2. Statement: The term of the expanded form of the given binomial expression is [tex]\( 252 x^5 y^5 \)[/tex].
- Here, we identify that [tex]\( x^5 \)[/tex] and [tex]\( y^5 \)[/tex].
- Comparing [tex]\( T_{k+1} = \binom{10}{k} x^{10-k} y^k \)[/tex] with [tex]\( 252 x^5 y^5 \)[/tex], we get:
[tex]\[
10 - k = 5 \quad \text{and} \quad k = 5
\][/tex]
[tex]\[
T_{6} = \binom{10}{5} x^5 y^5
\][/tex]
[tex]\[
\binom{10}{5} = \frac{10!}{5!5!} = 252
\][/tex]
- Therefore, [tex]\( k = 5 \)[/tex]. The sixth term [tex]\( T_6 \)[/tex] in expanded form indeed matches [tex]\( 252 x^5 y^5 \)[/tex].
3. Statement: The term of the expanded form of the given binomial expression is [tex]\( 10 x y^{\circ} \)[/tex].
- Here, we identify that [tex]\( x \)[/tex] and [tex]\( y^{\circ} \)[/tex] (assume this means [tex]\( y \)[/tex] with [tex]\( y^1 \)[/tex]).
- Comparing [tex]\( T_{k+1} = \binom{10}{k} x^{10-k} y^k \)[/tex] with [tex]\( 10 x y^1\)[/tex], we get:
[tex]\[
10 - k = 1 \quad \text{and} \quad k = 1
\][/tex]
[tex]\[
T_{2} = \binom{10}{1} x^9 y
\][/tex]
[tex]\[
\binom{10}{1} = \frac{10!}{1!9!} = 10
\][/tex]
- Therefore, [tex]\( k = 1 \)[/tex]. The second term [tex]\( T_2 \)[/tex] in the expanded form indeed matches [tex]\( 10 x y^1 \)[/tex].
In conclusion:
- The third term [tex]\( \binom{10}{2} x^8 y^2 \)[/tex] is [tex]\( 45 x^8 y^2 \)[/tex].

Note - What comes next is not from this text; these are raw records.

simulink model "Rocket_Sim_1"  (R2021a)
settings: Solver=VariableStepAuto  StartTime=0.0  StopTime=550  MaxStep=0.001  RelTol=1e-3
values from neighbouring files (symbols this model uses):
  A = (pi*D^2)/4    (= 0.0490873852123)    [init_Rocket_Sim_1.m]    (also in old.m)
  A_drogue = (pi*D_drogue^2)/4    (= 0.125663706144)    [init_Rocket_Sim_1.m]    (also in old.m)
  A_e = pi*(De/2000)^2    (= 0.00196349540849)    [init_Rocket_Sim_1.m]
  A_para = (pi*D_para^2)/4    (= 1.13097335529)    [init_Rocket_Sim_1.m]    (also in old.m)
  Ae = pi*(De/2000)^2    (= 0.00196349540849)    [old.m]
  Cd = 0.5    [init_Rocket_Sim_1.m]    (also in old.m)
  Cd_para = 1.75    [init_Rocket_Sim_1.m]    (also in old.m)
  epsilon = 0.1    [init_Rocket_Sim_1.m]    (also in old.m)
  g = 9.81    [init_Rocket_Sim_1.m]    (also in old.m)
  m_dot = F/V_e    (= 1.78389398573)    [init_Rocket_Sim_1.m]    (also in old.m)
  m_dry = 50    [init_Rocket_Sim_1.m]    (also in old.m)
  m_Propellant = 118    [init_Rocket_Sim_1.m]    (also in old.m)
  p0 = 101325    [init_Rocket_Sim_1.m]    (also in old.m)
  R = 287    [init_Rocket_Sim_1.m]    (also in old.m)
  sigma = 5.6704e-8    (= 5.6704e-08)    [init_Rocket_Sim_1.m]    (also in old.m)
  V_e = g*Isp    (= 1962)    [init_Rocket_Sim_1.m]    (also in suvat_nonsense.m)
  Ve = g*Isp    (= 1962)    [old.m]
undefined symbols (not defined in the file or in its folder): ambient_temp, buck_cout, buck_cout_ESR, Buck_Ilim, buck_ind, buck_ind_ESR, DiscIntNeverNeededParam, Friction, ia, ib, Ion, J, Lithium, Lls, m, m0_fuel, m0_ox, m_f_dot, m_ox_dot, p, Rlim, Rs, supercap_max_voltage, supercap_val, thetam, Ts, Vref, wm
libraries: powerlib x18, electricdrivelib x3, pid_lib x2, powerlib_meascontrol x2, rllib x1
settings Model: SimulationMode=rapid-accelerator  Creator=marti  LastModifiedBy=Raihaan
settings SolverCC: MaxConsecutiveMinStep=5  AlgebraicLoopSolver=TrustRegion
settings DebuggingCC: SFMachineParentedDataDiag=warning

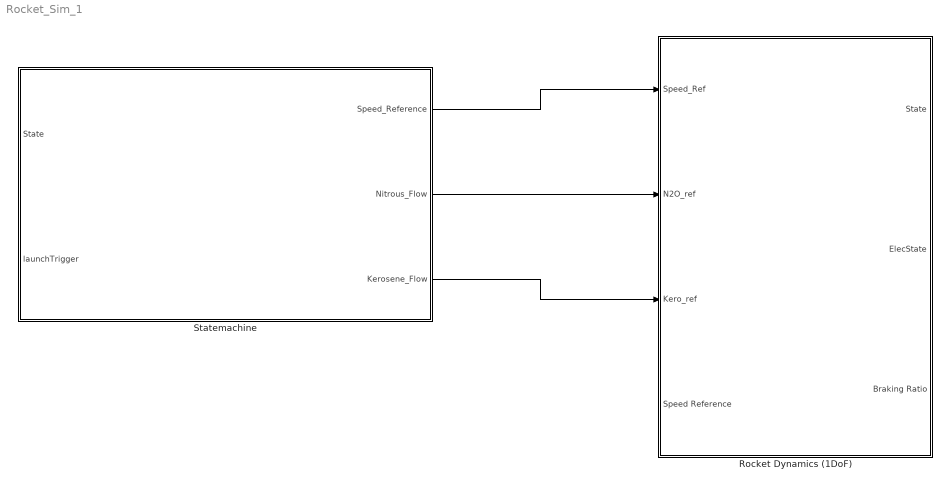
== system Rocket_Sim_1 ==
  Rocket Dynamics (1DoF) : Subsystem
      mask Display: image('$imagefile'); % Use "Edit Image" on toolstrip to change.
  Statemachine : Stateflow chart  TreatAsAtomicUnit=on
  wires:
  Statemachine/1(Speed_Reference) -> Rocket Dynamics (1DoF)/1(Speed_Ref)
  Statemachine/2(Nitrous_Flow) -> Rocket Dynamics (1DoF)/2(N2O_ref)
  Statemachine/3(Kerosene_Flow) -> Rocket Dynamics (1DoF)/3(Kero_ref)

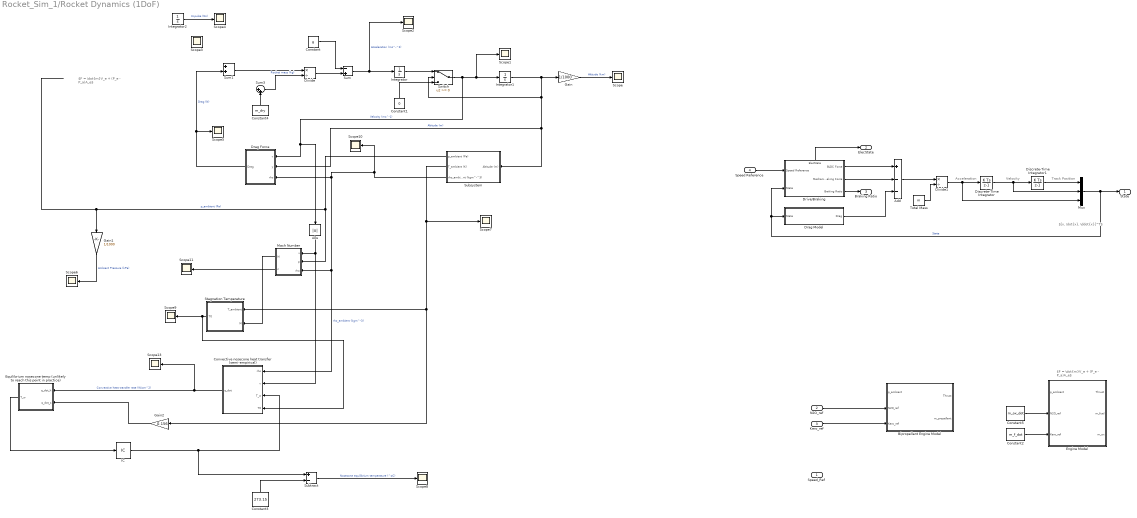
== system Rocket_Sim_1/Rocket Dynamics (1DoF) ==
  note: $F = \dot{m}V_e + (P_e - P_a)A_e$
  note: $[x, \dot{x}, \ddot{x}]^T$
  note: Acceleration
  note: Track Position
  note: Velocity
  note: $F = \dot{m}V_e + (P_e - P_a)A_e$
  Speed_Ref : Inport
  N2O_ref : Inport  Port=2
  Kero_ref : Inport  Port=3
  Speed Reference : Inport  Port=4
  Abs : Abs
  Add : Sum  Inputs=+--
  Bipropellant Engine Model : Subsystem
  Constant : Constant  Value=g
  Constant1 : Constant  Value=0
  Constant2 : Constant  Value=m_f_dot
  Constant3 : Constant  Value=273.15
  Constant4 : Constant  Value=m_dry
  Constant5 : Constant  Value=m_ox_dot
  Convective nosecone heat transfer (semi-empirical) : MATLAB Function  TreatAsAtomicUnit=on
  Discrete-Time Integrator : DiscreteIntegrator  SampleTime=-1  ICPrevOutput=DiscIntNeverNeededParam  ICPrevScaledInput=DiscIntNeverNeededParam
  Discrete-Time Integrator1 : DiscreteIntegrator  SampleTime=-1  LimitOutput=on  UpperSaturationLimit=500  LowerSaturationLimit=0  ICPrevOutput=DiscIntNeverNeededParam  ICPrevScaledInput=DiscIntNeverNeededParam
  Divide : Product  Inputs=*/
  Divide1 : Product  Inputs=*/
  Drag Force : Subsystem
  Drag Model : Subsystem
  Drive/Braking : Subsystem
      settings: PortSchema="{\"entries\":[{\"content\":{\"sides\":[{\"content\":{\"connectorIds\":[\"In1\",\"In2\"]},\"type\":\"ConnectorPlacement.EquallySpacedRectSide\",\"uuid\":\"aa5e316a-c8d3-4f13-ba46-5c76cbb2586c\"},{\"content\":{\"connectorIds\":[\"Out1\",\"Out2\",\"Out3\"],\"side\":\"RIGHT\"},\"type\":\"ConnectorPlacement.EquallySpacedRectSide\",\"uuid\":\"e4d6c32a-fd39-4302-8ddf-f7a48563407f\"},{\"content\":{\"connectorIds\":[\"Out4\"],\"side\":\"TOP\"},\"type\":\"ConnectorPlacement.EquallySpacedRectSide\",\"uuid\":\"af8256cd-30c6-4d91-a38a-bb87ecde33bd\"}]},\"type\":\"ConnectorPlacement.EquallySpacedConnector\",\"uuid\":\"2dd03fee-d1e4-4173-9dcd-593c38e6bfdd\"}],\"packageUris\":[\"http://schema.mathworks.com/mf0/Connector/R2020b\"],\"version\":\"1.0\"}"
  Engine Model : Subsystem
  Equilibrium nosecone temp (unlikely to reach this point in practice) : MATLAB Function  TreatAsAtomicUnit=on
  Gain : Gain  Gain=1/1000
  Gain1 : Gain  Gain=1/1000
  Gain2 : Gain  Gain=0.156
  IC : InitialCondition  Value=300
  Integrator : Integrator
  Integrator1 : Integrator
  Integrator2 : Integrator
  Mach Number : MATLAB Function  TreatAsAtomicUnit=on
  Mux : Mux  Inputs=3
  Scope{,1..11,13} (13 alike) : Scope
  Stagnation Temperature : MATLAB Function  TreatAsAtomicUnit=on
  Subsystem : Subsystem
  Subtract : Sum  Inputs=+-
  Sum : Sum  Inputs=-+
  Sum1 : Sum
  Sum3 : Sum  Inputs=|++
  Switch : Switch
  Total Mass : Constant  Value=m
  State : Outport
  ElecState : Outport  Port=2
  Braking Ratio : Outport  Port=3
  wires:
  Sum/1 -> Scope2/1, Integrator/1  "Acceleration (ms^-^2)"
  Subtract/1 -> Scope8/1  "Nosecone equilibrium temperature (^oC)"
  Constant4/1 -> Sum3/2
  Constant3/1 -> Subtract/2
  Integrator2/1 -> Scope4/1  "Impulse (Ns)"
  Gain1/1 -> Scope6/1  "Ambient Pressure (kPa)"
  Equilibrium nosecone temp (unlikely to reach this point in practice)/1(T_w) -> IC/1
  Integrator/1 -> Switch/1
  Gain2/1 -> Equilibrium nosecone temp (unlikely to reach this point in practice)/2(q_dot_s)
  Constant1/1 -> Switch/3
  Divide/1 -> Sum/2
  IC/1 -> Subtract/1, Convective nosecone heat transfer (semi-empirical)/3(T_w)
  ? -> Sum3/1  "Propellant mass (kg)"
  Abs/1 -> Convective nosecone heat transfer (semi-empirical)/2(v), Mach Number/1(v)
  Subsystem/1(p_ambient (Pa)) -> Mach Number/2(p), Gain1/1  "p_ambient (Pa)"
  Mach Number/1(M) -> Stagnation Temperature/2(M)
  Drag Force/1(Drag) -> Scope5/1, Sum1/2  "Drag (N)"
  Subsystem/3(rho_ambient (kgm^-^3)) -> Scope10/1, Convective nosecone heat transfer (semi-empirical)/1(rho), Mach Number/3(rho), Drag Force/3(rho)  "rho_ambient (kgm^-3)"
  Convective nosecone heat transfer (semi-empirical)/1(q_dot) -> Scope13/1, Equilibrium nosecone temp (unlikely to reach this point in practice)/1(q_dot_h)  "Convective heat transfer rate (W/cm^2)"
  ? -> Integrator2/1, Scope3/1, Sum1/1  "Thrust (N)"
  Switch/1 -> Drag Force/1(v), Abs/1, Scope1/1, Integrator1/1  "Velocity (ms^-1)"
  Sum1/1 -> Divide/1
  Integrator1/1 -> Switch/2, Drag Force/2(y), Subsystem/1(Altitude (m)), Gain/1  "Altitude (m)"
  Sum3/1 -> Divide/2  "Rocket mass (kg)"
  Mach Number/2(c) -> Scope11/1
  Subsystem/2(T_ambient (K)) -> Gain2/1, Stagnation Temperature/1(T_ambient), Scope7/1
  Gain/1 -> Scope/1  "Altitude (km)"
  Constant/1 -> Sum/1
  Stagnation Temperature/1(T0) -> Convective nosecone heat transfer (semi-empirical)/4(T0), Scope9/1
  Discrete-Time Integrator/1 -> Discrete-Time Integrator1/1, Mux/2
  Drag Model/1(Drag) -> Add/3
  Total Mass/1 -> Divide1/2
  Discrete-Time Integrator1/1 -> Mux/1
  Speed Reference/1 -> Drive/Braking/1(Speed Reference)
  Drive/Braking/4(ElecState) -> ElecState/1
  Drive/Braking/1(BLDC Force) -> Add/1
  Drive/Braking/3(Braking Ratio) -> Braking Ratio/1
  Mux/1 -> State/1, Drive/Braking/2(State), Drag Model/1(State)  "State"
  Drive/Braking/2(Mechanical Braking Force) -> Add/2
  Divide1/1 -> Discrete-Time Integrator/1, Mux/3
  Add/1 -> Divide1/1
  Kero_ref/1 -> Bipropellant Engine Model/3(Kero_ref)
  N2O_ref/1 -> Bipropellant Engine Model/2(N2O_ref)
  Constant5/1 -> Engine Model/2(N2O_ref)
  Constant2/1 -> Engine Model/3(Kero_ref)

- The sixth term [tex]\( \binom{10}{5} x^5 y^5 \)[/tex] is [tex]\( 252 x^5 y^5 \)[/tex].
- The second term [tex]\( \binom{10}{1} x^9 y \)[/tex] is [tex]\( 10 x y \)[/tex].
[tex]\[
(x + y)^n = \sum_{k=0}^{n} \binom{n}{k} x^{n-k} y^k
\][/tex]
where [tex]\( \binom{n}{k} \)[/tex] is the binomial coefficient, which can be calculated as:
[tex]\[
\binom{n}{k} = \frac{n!}{k!(n-k)!}
\][/tex]
Let's consider the general term in the expansion of [tex]\( (x + y)^n \)[/tex]:
[tex]\[
T_{k+1} = \binom{n}{k} x^{n-k} y^k
\][/tex]
Following the given statements using the binomial expansion of [tex]\( (x + y)^{10} \)[/tex]:
1. Statement: The term of the expanded form of the given binomial expression is [tex]\( 45 x^8 y^2 \)[/tex].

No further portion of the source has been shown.